摘要： 本项研究得到国家“十三五”重点研发计划支持,系“深地资源勘探开采专项”2017年启动的重点项目之一,由中国地质调查局中国地质科学院矿产资源研究所牵头,来自自然资源部、中国科学院、教育部、大型石油国企等10家骨干单位以及多家协作单位参加,联合开展协同创新研究,充分体现“产研学用”密切融合。本项研究聚焦“特提斯东段中生代(三叠纪、侏罗纪)海相成钾作用与后期改造、青藏高原北部柴达木盆地深层富钾卤水迁移-分异-汇聚成矿机制”的关键科学问题和“深部含钾盐系‘双复杂’高精度地震成像技术、深部钾盐矿层(富钾卤水层)测井识别与地震预测技术”的关键技术问题,以柴达木西部和川东北两个重点成钾区为资源基地落脚点,兼顾其他含钾盆地研究,建立三维地质模型和成矿模型,完善海、陆相成钾理论,形成3 000 m以浅钾盐勘探成套技术能力,综合评价深部钾盐资源潜力,实施异常验证钻探,新发现1个大型钾盐资源基地,值得综合评价的有利成钾远景区3~4处,实现深部钾盐找矿突破和增储示范。

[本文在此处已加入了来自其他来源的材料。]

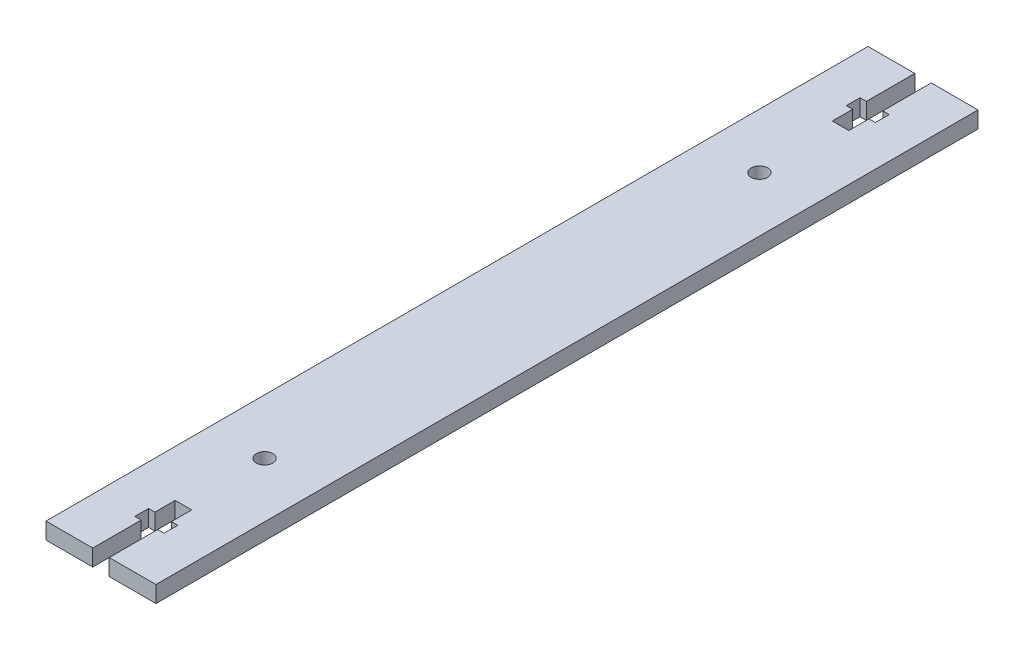
ISO-10303-21;
HEADER;
FILE_DESCRIPTION(('STEP AP214'),'2;1');
FILE_NAME('part.step','',(''),(''),'','','');
FILE_SCHEMA(('AUTOMOTIVE_DESIGN { 1 0 10303 214 1 1 1 1 }'));
ENDSEC;
DATA;
#1=APPLICATION_CONTEXT('core data for automotive mechanical design processes');
#2=APPLICATION_PROTOCOL_DEFINITION('international standard','automotive_design',2000,#1);
#3=PRODUCT_CONTEXT('',#1,'mechanical');
#4=PRODUCT('Part','Part','',(#3));
#5=PRODUCT_RELATED_PRODUCT_CATEGORY('part','',(#4));
#6=PRODUCT_DEFINITION_FORMATION('','',#4);
#7=PRODUCT_DEFINITION_CONTEXT('part definition',#1,'design');
#8=PRODUCT_DEFINITION('design','',#6,#7);
#9=PRODUCT_DEFINITION_SHAPE('','',#8);
#10=(LENGTH_UNIT() NAMED_UNIT(*) SI_UNIT(.MILLI.,.METRE.));
#11=(NAMED_UNIT(*) PLANE_ANGLE_UNIT() SI_UNIT($,.RADIAN.));
#12=(NAMED_UNIT(*) SI_UNIT($,.STERADIAN.) SOLID_ANGLE_UNIT());
#13=UNCERTAINTY_MEASURE_WITH_UNIT(LENGTH_MEASURE(1.E-05),#10,'distance_accuracy_value','');
#14=(GEOMETRIC_REPRESENTATION_CONTEXT(3) GLOBAL_UNCERTAINTY_ASSIGNED_CONTEXT((#13)) GLOBAL_UNIT_ASSIGNED_CONTEXT((#10,
#11,#12)) REPRESENTATION_CONTEXT('',''));
#15=CARTESIAN_POINT('',(0.,0.,0.));
#16=DIRECTION('',(0.,0.,1.));
#17=DIRECTION('',(1.,0.,0.));
#18=AXIS2_PLACEMENT_3D('',#15,#16,#17);
#19=CARTESIAN_POINT('',(-20.,3.,299.));
#20=DIRECTION('',(0.,-1.,0.));
#21=DIRECTION('',(0.,0.,-1.));
#22=AXIS2_PLACEMENT_3D('',#19,#20,#21);
#23=PLANE('',#22);
#24=CARTESIAN_POINT('',(0.,3.,59.5));
#25=DIRECTION('',(0.,-1.,0.));
#26=DIRECTION('',(0.,0.,-1.));
#27=AXIS2_PLACEMENT_3D('',#24,#25,#26);
#28=CIRCLE('',#27,3.);
#29=CARTESIAN_POINT('',(0.,3.,56.5));
#30=VERTEX_POINT('',#29);
#31=EDGE_CURVE('E369',#30,#30,#28,.T.);
#32=ORIENTED_EDGE('',*,*,#31,.T.);
#33=EDGE_LOOP('',(#32));
#34=FACE_BOUND('',#33,.T.);
#35=CARTESIAN_POINT('',(0.,3.,239.5));
#36=DIRECTION('',(0.,-1.,0.));
#37=DIRECTION('',(0.,0.,-1.));
#38=AXIS2_PLACEMENT_3D('',#35,#36,#37);
#39=CIRCLE('',#38,3.);
#40=CARTESIAN_POINT('',(0.,3.,236.5));
#41=VERTEX_POINT('',#40);
#42=EDGE_CURVE('E373',#41,#41,#39,.T.);
#43=ORIENTED_EDGE('',*,*,#42,.T.);
#44=EDGE_LOOP('',(#43));
#45=FACE_BOUND('',#44,.T.);
#46=DIRECTION('',(0.,0.,1.));
#47=VECTOR('',#46,1.);
#48=CARTESIAN_POINT('',(-3.00000000000004,3.,299.));
#49=LINE('',#48,#47);
#50=CARTESIAN_POINT('',(-3.,3.,0.));
#51=VERTEX_POINT('',#50);
#52=CARTESIAN_POINT('',(-3.,3.,17.6135721451776));
#53=VERTEX_POINT('',#52);
#54=EDGE_CURVE('E281',#51,#53,#49,.T.);
#55=ORIENTED_EDGE('',*,*,#54,.F.);
#56=DIRECTION('',(-1.,0.,0.));
#57=VECTOR('',#56,1.);
#58=CARTESIAN_POINT('',(-20.,3.,0.));
#59=LINE('',#58,#57);
#60=CARTESIAN_POINT('',(-20.,3.,0.));
#61=VERTEX_POINT('',#60);
#62=EDGE_CURVE('E393',#51,#61,#59,.T.);
#63=ORIENTED_EDGE('',*,*,#62,.T.);
#64=DIRECTION('',(0.,0.,-1.));
#65=VECTOR('',#64,1.);
#66=CARTESIAN_POINT('',(-20.,3.,299.));
#67=LINE('',#66,#65);
#68=CARTESIAN_POINT('',(-20.,3.,299.));
#69=VERTEX_POINT('',#68);
#70=EDGE_CURVE('E405',#69,#61,#67,.T.);
#71=ORIENTED_EDGE('',*,*,#70,.F.);
#72=DIRECTION('',(-1.,0.,0.));
#73=VECTOR('',#72,1.);
#74=CARTESIAN_POINT('',(-20.,3.,299.));
#75=LINE('',#74,#73);
#76=CARTESIAN_POINT('',(-3.,3.,299.));
#77=VERTEX_POINT('',#76);
#78=EDGE_CURVE('E380',#77,#69,#75,.T.);
#79=ORIENTED_EDGE('',*,*,#78,.F.);
#80=DIRECTION('',(0.,0.,-1.));
#81=VECTOR('',#80,1.);
#82=CARTESIAN_POINT('',(-3.,3.,299.));
#83=LINE('',#82,#81);
#84=CARTESIAN_POINT('',(-3.,3.,281.386427854822));
#85=VERTEX_POINT('',#84);
#86=EDGE_CURVE('E61',#77,#85,#83,.T.);
#87=ORIENTED_EDGE('',*,*,#86,.T.);
#88=DIRECTION('',(-1.,0.,0.));
#89=VECTOR('',#88,1.);
#90=CARTESIAN_POINT('',(-20.,3.,281.386427854822));
#91=LINE('',#90,#89);
#92=CARTESIAN_POINT('',(-5.311461505817,3.,281.386427854822));
#93=VERTEX_POINT('',#92);
#94=EDGE_CURVE('E347',#85,#93,#91,.T.);
#95=ORIENTED_EDGE('',*,*,#94,.T.);
#96=DIRECTION('',(0.,0.,-1.));
#97=VECTOR('',#96,1.);
#98=CARTESIAN_POINT('',(-5.311461505817,3.,299.));
#99=LINE('',#98,#97);
#100=CARTESIAN_POINT('',(-5.311461505817,3.,276.386427854822));
#101=VERTEX_POINT('',#100);
#102=EDGE_CURVE('E344',#93,#101,#99,.T.);
#103=ORIENTED_EDGE('',*,*,#102,.T.);
#104=DIRECTION('',(1.,0.,0.));
#105=VECTOR('',#104,1.);
#106=CARTESIAN_POINT('',(-20.,3.,276.386427854822));
#107=LINE('',#106,#105);
#108=CARTESIAN_POINT('',(-3.,3.,276.386427854822));
#109=VERTEX_POINT('',#108);
#110=EDGE_CURVE('E341',#101,#109,#107,.T.);
#111=ORIENTED_EDGE('',*,*,#110,.T.);
#112=DIRECTION('',(0.,0.,-1.));
#113=VECTOR('',#112,1.);
#114=CARTESIAN_POINT('',(-3.,3.,299.));
#115=LINE('',#114,#113);
#116=CARTESIAN_POINT('',(-3.,3.,269.));
#117=VERTEX_POINT('',#116);
#118=EDGE_CURVE('E365',#109,#117,#115,.T.);
#119=ORIENTED_EDGE('',*,*,#118,.T.);
#120=DIRECTION('',(1.,0.,0.));
#121=VECTOR('',#120,1.);
#122=CARTESIAN_POINT('',(-20.,3.,269.));
#123=LINE('',#122,#121);
#124=CARTESIAN_POINT('',(3.,3.,269.));
#125=VERTEX_POINT('',#124);
#126=EDGE_CURVE('E362',#117,#125,#123,.T.);
#127=ORIENTED_EDGE('',*,*,#126,.T.);
#128=DIRECTION('',(0.,0.,1.));
#129=VECTOR('',#128,1.);
#130=CARTESIAN_POINT('',(2.99999999999998,3.,299.));
#131=LINE('',#130,#129);
#132=CARTESIAN_POINT('',(2.99999999999999,3.,276.386427854822));
#133=VERTEX_POINT('',#132);
#134=EDGE_CURVE('E359',#125,#133,#131,.T.);
#135=ORIENTED_EDGE('',*,*,#134,.T.);
#136=DIRECTION('',(1.,0.,0.));
#137=VECTOR('',#136,1.);
#138=CARTESIAN_POINT('',(-20.,3.,276.386427854822));
#139=LINE('',#138,#137);
#140=CARTESIAN_POINT('',(5.311461505817,3.,276.386427854822));
#141=VERTEX_POINT('',#140);
#142=EDGE_CURVE('E356',#133,#141,#139,.T.);
#143=ORIENTED_EDGE('',*,*,#142,.T.);
#144=DIRECTION('',(0.,0.,1.));
#145=VECTOR('',#144,1.);
#146=CARTESIAN_POINT('',(5.311461505817,3.,299.));
#147=LINE('',#146,#145);
#148=CARTESIAN_POINT('',(5.311461505817,3.,281.386427854822));
#149=VERTEX_POINT('',#148);
#150=EDGE_CURVE('E353',#141,#149,#147,.T.);
#151=ORIENTED_EDGE('',*,*,#150,.T.);
#152=DIRECTION('',(-1.,0.,0.));
#153=VECTOR('',#152,1.);
#154=CARTESIAN_POINT('',(-20.,3.,281.386427854822));
#155=LINE('',#154,#153);
#156=CARTESIAN_POINT('',(3.,3.,281.386427854822));
#157=VERTEX_POINT('',#156);
#158=EDGE_CURVE('E350',#149,#157,#155,.T.);
#159=ORIENTED_EDGE('',*,*,#158,.T.);
#160=DIRECTION('',(0.,0.,1.));
#161=VECTOR('',#160,1.);
#162=CARTESIAN_POINT('',(3.,3.,299.));
#163=LINE('',#162,#161);
#164=CARTESIAN_POINT('',(3.,3.,299.));
#165=VERTEX_POINT('',#164);
#166=EDGE_CURVE('E338',#157,#165,#163,.T.);
#167=ORIENTED_EDGE('',*,*,#166,.T.);
#168=CARTESIAN_POINT('',(20.,3.,299.));
#169=VERTEX_POINT('',#168);
#170=EDGE_CURVE('E381',#169,#165,#75,.T.);
#171=ORIENTED_EDGE('',*,*,#170,.F.);
#172=DIRECTION('',(0.,0.,-1.));
#173=VECTOR('',#172,1.);
#174=CARTESIAN_POINT('',(20.,3.,299.));
#175=LINE('',#174,#173);
#176=CARTESIAN_POINT('',(20.,3.,0.));
#177=VERTEX_POINT('',#176);
#178=EDGE_CURVE('E408',#169,#177,#175,.T.);
#179=ORIENTED_EDGE('',*,*,#178,.T.);
#180=CARTESIAN_POINT('',(3.,3.,0.));
#181=VERTEX_POINT('',#180);
#182=EDGE_CURVE('E394',#177,#181,#59,.T.);
#183=ORIENTED_EDGE('',*,*,#182,.T.);
#184=DIRECTION('',(0.,0.,-1.));
#185=VECTOR('',#184,1.);
#186=CARTESIAN_POINT('',(3.00000000000003,3.,299.));
#187=LINE('',#186,#185);
#188=CARTESIAN_POINT('',(3.,3.,17.6135721451776));
#189=VERTEX_POINT('',#188);
#190=EDGE_CURVE('E53',#189,#181,#187,.T.);
#191=ORIENTED_EDGE('',*,*,#190,.F.);
#192=DIRECTION('',(-1.,0.,0.));
#193=VECTOR('',#192,1.);
#194=CARTESIAN_POINT('',(-20.,3.,17.6135721451776));
#195=LINE('',#194,#193);
#196=CARTESIAN_POINT('',(5.311461505817,3.,17.6135721451776));
#197=VERTEX_POINT('',#196);
#198=EDGE_CURVE('E238',#197,#189,#195,.T.);
#199=ORIENTED_EDGE('',*,*,#198,.F.);
#200=DIRECTION('',(0.,0.,-1.));
#201=VECTOR('',#200,1.);
#202=CARTESIAN_POINT('',(5.311461505817,3.,299.));
#203=LINE('',#202,#201);
#204=CARTESIAN_POINT('',(5.311461505817,3.,22.6135721451776));
#205=VERTEX_POINT('',#204);
#206=EDGE_CURVE('E292',#205,#197,#203,.T.);
#207=ORIENTED_EDGE('',*,*,#206,.F.);
#208=DIRECTION('',(1.,0.,0.));
#209=VECTOR('',#208,1.);
#210=CARTESIAN_POINT('',(-20.,3.,22.6135721451776));
#211=LINE('',#210,#209);
#212=CARTESIAN_POINT('',(2.99999999999999,3.,22.6135721451776));
#213=VERTEX_POINT('',#212);
#214=EDGE_CURVE('E290',#213,#205,#211,.T.);
#215=ORIENTED_EDGE('',*,*,#214,.F.);
#216=DIRECTION('',(0.,0.,-1.));
#217=VECTOR('',#216,1.);
#218=CARTESIAN_POINT('',(3.00000000000022,3.,299.));
#219=LINE('',#218,#217);
#220=CARTESIAN_POINT('',(3.,3.,30.));
#221=VERTEX_POINT('',#220);
#222=EDGE_CURVE('E288',#221,#213,#219,.T.);
#223=ORIENTED_EDGE('',*,*,#222,.F.);
#224=DIRECTION('',(1.,0.,0.));
#225=VECTOR('',#224,1.);
#226=CARTESIAN_POINT('',(-20.,3.,30.));
#227=LINE('',#226,#225);
#228=CARTESIAN_POINT('',(-3.,3.,30.));
#229=VERTEX_POINT('',#228);
#230=EDGE_CURVE('E283',#229,#221,#227,.T.);
#231=ORIENTED_EDGE('',*,*,#230,.F.);
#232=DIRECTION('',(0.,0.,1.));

值得强调的是,只有立足国内,突破海相,在中西部大中型叠合盆地古代海相蒸发岩地层中找到大规模海相可溶性固体钾盐矿床,方能从根本上扭转中国钾盐资源严重短缺的被动局面。令人欣慰的是,通过近10年的艰苦努力,我国海相钾盐取得了一系列成矿理论新认识和钾盐找矿新发现:创新提出了滇西南“二层楼”成钾模式,指出侏罗纪海相找钾新方向;在川东北宣汉普光地区发现三叠系海相可溶性“新型杂卤石钾盐矿”,开拓了四川盆地海相找钾新领域和新方向;在新疆库车地区发现埋深超5 000 m的钾石盐矿层,取得了库车坳陷海相找钾的实质性进展;创新提出“W型复底锅”成钾模式,在陕北奥陶纪海相盐盆发现厚层钾石盐矿化段,取得古陆表海型钾盐找矿重要新进展。至此,中国海相钾盐找矿崭露了突破的曙光。如何在这些新发现的基础上,进一步加大投入、深入研究,取得海相可溶性钾盐找矿的实质性突破,落实建成若干大型以上海相钾盐资源基地,将是“十四五”及以后时期中国钾盐的主攻方向。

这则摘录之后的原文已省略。